Gruber wandelt auf einem schmalen Grat zwischen Narzissmus ("Sind meine Haare schön?"), Größenwahn, Selbstzweifel und Arroganz, der ihm im Augenblick aber bestens gelingt. Bei "Magst du mich" reißt Bassist Sam Segarra eine Saite.
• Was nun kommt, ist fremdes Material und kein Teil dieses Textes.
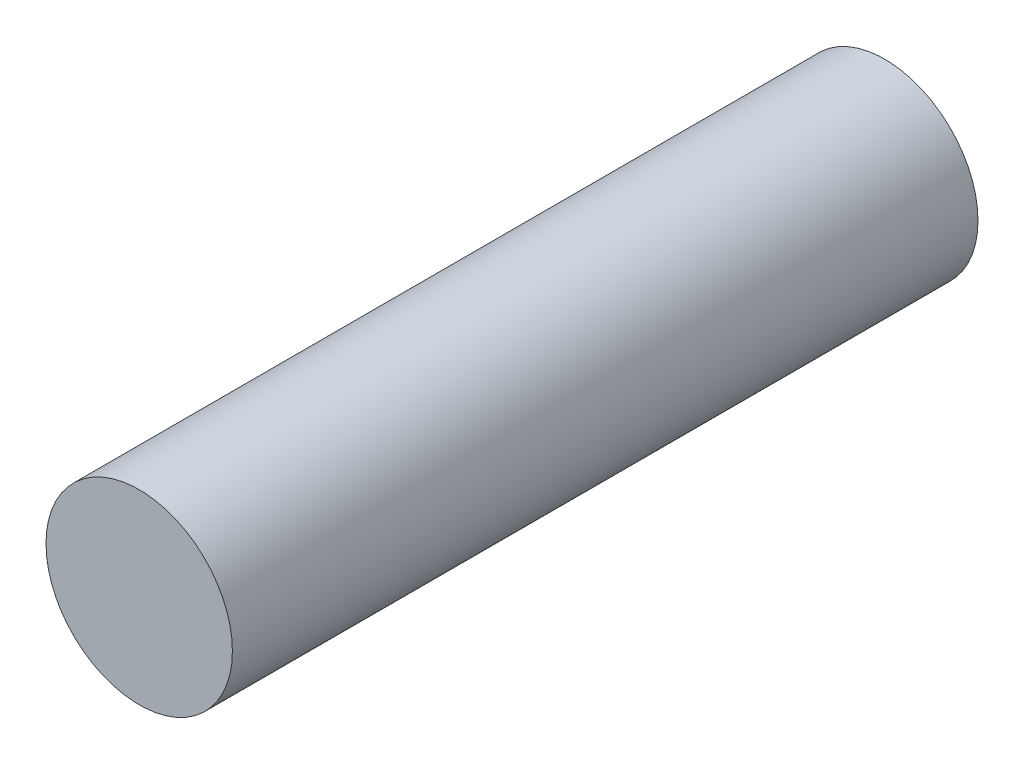
ISO-10303-21;
HEADER;
FILE_DESCRIPTION(('STEP AP214'),'2;1');
FILE_NAME('part.step','',(''),(''),'','','');
FILE_SCHEMA(('AUTOMOTIVE_DESIGN { 1 0 10303 214 1 1 1 1 }'));
ENDSEC;
DATA;
#1=APPLICATION_CONTEXT('core data for automotive mechanical design processes');
#2=APPLICATION_PROTOCOL_DEFINITION('international standard','automotive_design',2000,#1);
#3=PRODUCT_CONTEXT('',#1,'mechanical');
#4=PRODUCT('Part','Part','',(#3));
#5=PRODUCT_RELATED_PRODUCT_CATEGORY('part','',(#4));
#6=PRODUCT_DEFINITION_FORMATION('','',#4);
#7=PRODUCT_DEFINITION_CONTEXT('part definition',#1,'design');
#8=PRODUCT_DEFINITION('design','',#6,#7);
#9=PRODUCT_DEFINITION_SHAPE('','',#8);
#10=(LENGTH_UNIT() NAMED_UNIT(*) SI_UNIT(.MILLI.,.METRE.));
#11=(NAMED_UNIT(*) PLANE_ANGLE_UNIT() SI_UNIT($,.RADIAN.));
#12=(NAMED_UNIT(*) SI_UNIT($,.STERADIAN.) SOLID_ANGLE_UNIT());
#13=UNCERTAINTY_MEASURE_WITH_UNIT(LENGTH_MEASURE(1.E-05),#10,'distance_accuracy_value','');
#14=(GEOMETRIC_REPRESENTATION_CONTEXT(3) GLOBAL_UNCERTAINTY_ASSIGNED_CONTEXT((#13)) GLOBAL_UNIT_ASSIGNED_CONTEXT((#10,
#11,#12)) REPRESENTATION_CONTEXT('',''));
#15=CARTESIAN_POINT('',(0.,0.,0.));
#16=DIRECTION('',(0.,0.,1.));
#17=DIRECTION('',(1.,0.,0.));
#18=AXIS2_PLACEMENT_3D('',#15,#16,#17);
#19=CARTESIAN_POINT('',(0.,0.,10.));
#20=DIRECTION('',(0.,0.,-1.));
#21=DIRECTION('',(-1.,0.,0.));
#22=AXIS2_PLACEMENT_3D('',#19,#20,#21);
#23=CYLINDRICAL_SURFACE('',#22,1.25);
#24=CARTESIAN_POINT('',(0.,0.,10.));
#25=DIRECTION('',(0.,0.,1.));
#26=DIRECTION('',(1.,0.,0.));
#27=AXIS2_PLACEMENT_3D('',#24,#25,#26);
#28=CIRCLE('',#27,1.25);
#29=CARTESIAN_POINT('',(1.25,0.,10.));
#30=VERTEX_POINT('',#29);
#31=EDGE_CURVE('E10',#30,#30,#28,.T.);
#32=ORIENTED_EDGE('',*,*,#31,.F.);
#33=EDGE_LOOP('',(#32));
#34=FACE_BOUND('',#33,.T.);
#35=CARTESIAN_POINT('',(0.,0.,0.));
#36=DIRECTION('',(0.,0.,1.));
#37=DIRECTION('',(1.,0.,0.));
#38=AXIS2_PLACEMENT_3D('',#35,#36,#37);
#39=CIRCLE('',#38,1.25);
#40=CARTESIAN_POINT('',(1.25,0.,0.));
#41=VERTEX_POINT('',#40);
#42=EDGE_CURVE('E46',#41,#41,#39,.T.);
#43=ORIENTED_EDGE('',*,*,#42,.T.);
#44=EDGE_LOOP('',(#43));
#45=FACE_BOUND('',#44,.T.);
#46=ADVANCED_FACE('F43',(#34,#45),#23,.T.);
#47=CARTESIAN_POINT('',(0.,0.,10.));
#48=DIRECTION('',(0.,0.,1.));
#49=DIRECTION('',(1.,0.,0.));
#50=AXIS2_PLACEMENT_3D('',#47,#48,#49);
#51=PLANE('',#50);
#52=ORIENTED_EDGE('',*,*,#31,.T.);
#53=EDGE_LOOP('',(#52));
#54=FACE_BOUND('',#53,.T.);
#55=ADVANCED_FACE('F60',(#54),#51,.T.);
#56=CARTESIAN_POINT('',(0.,0.,0.));
#57=DIRECTION('',(0.,0.,1.));
#58=DIRECTION('',(1.,0.,0.));
#59=AXIS2_PLACEMENT_3D('',#56,#57,#58);
#60=PLANE('',#59);
#61=ORIENTED_EDGE('',*,*,#42,.F.);
#62=EDGE_LOOP('',(#61));
#63=FACE_BOUND('',#62,.T.);
#64=ADVANCED_FACE('F58',(#63),#60,.F.);
#65=CLOSED_SHELL('',(#46,#55,#64));
#66=MANIFOLD_SOLID_BREP('B2',#65);
#67=ADVANCED_BREP_SHAPE_REPRESENTATION('',(#18,#66),#14);
#68=SHAPE_DEFINITION_REPRESENTATION(#9,#67);
ENDSEC;
END-ISO-10303-21;

Der Herxheimer unterbricht den Song, watscht einen aufdringlichen Zwischenrufer unnachahmlich verbal ab und beginnt den Song alleine und rein akustisch zu spielen bis "sein Angestellter" wieder bereit ist. Dann bringt er einen seiner bisher besten Songs – eine Mischung aus Hubert Kah und The Smiths – famos zu Ende.

Volle Power

Im weiteren Verlauf brettern Stücke wie "Hinterkaifeck", "Der Ingrimm" oder "Arche Gruber" wie ein Orkan über das Auditorium hinweg und das feierwillige Volk beginnt in Festivalmanier im Kreis zu tanzen. Die aktuelle Single "Und du? Vol. II" zeigt dann, was die geschmeidige erste Seite seiner aktuellen LP auszeichnet: deutschsprachiger Pop, mit Texten die auf diese Weise sonst niemand am Start hat und gewachsenes, differenziertes Songwriting.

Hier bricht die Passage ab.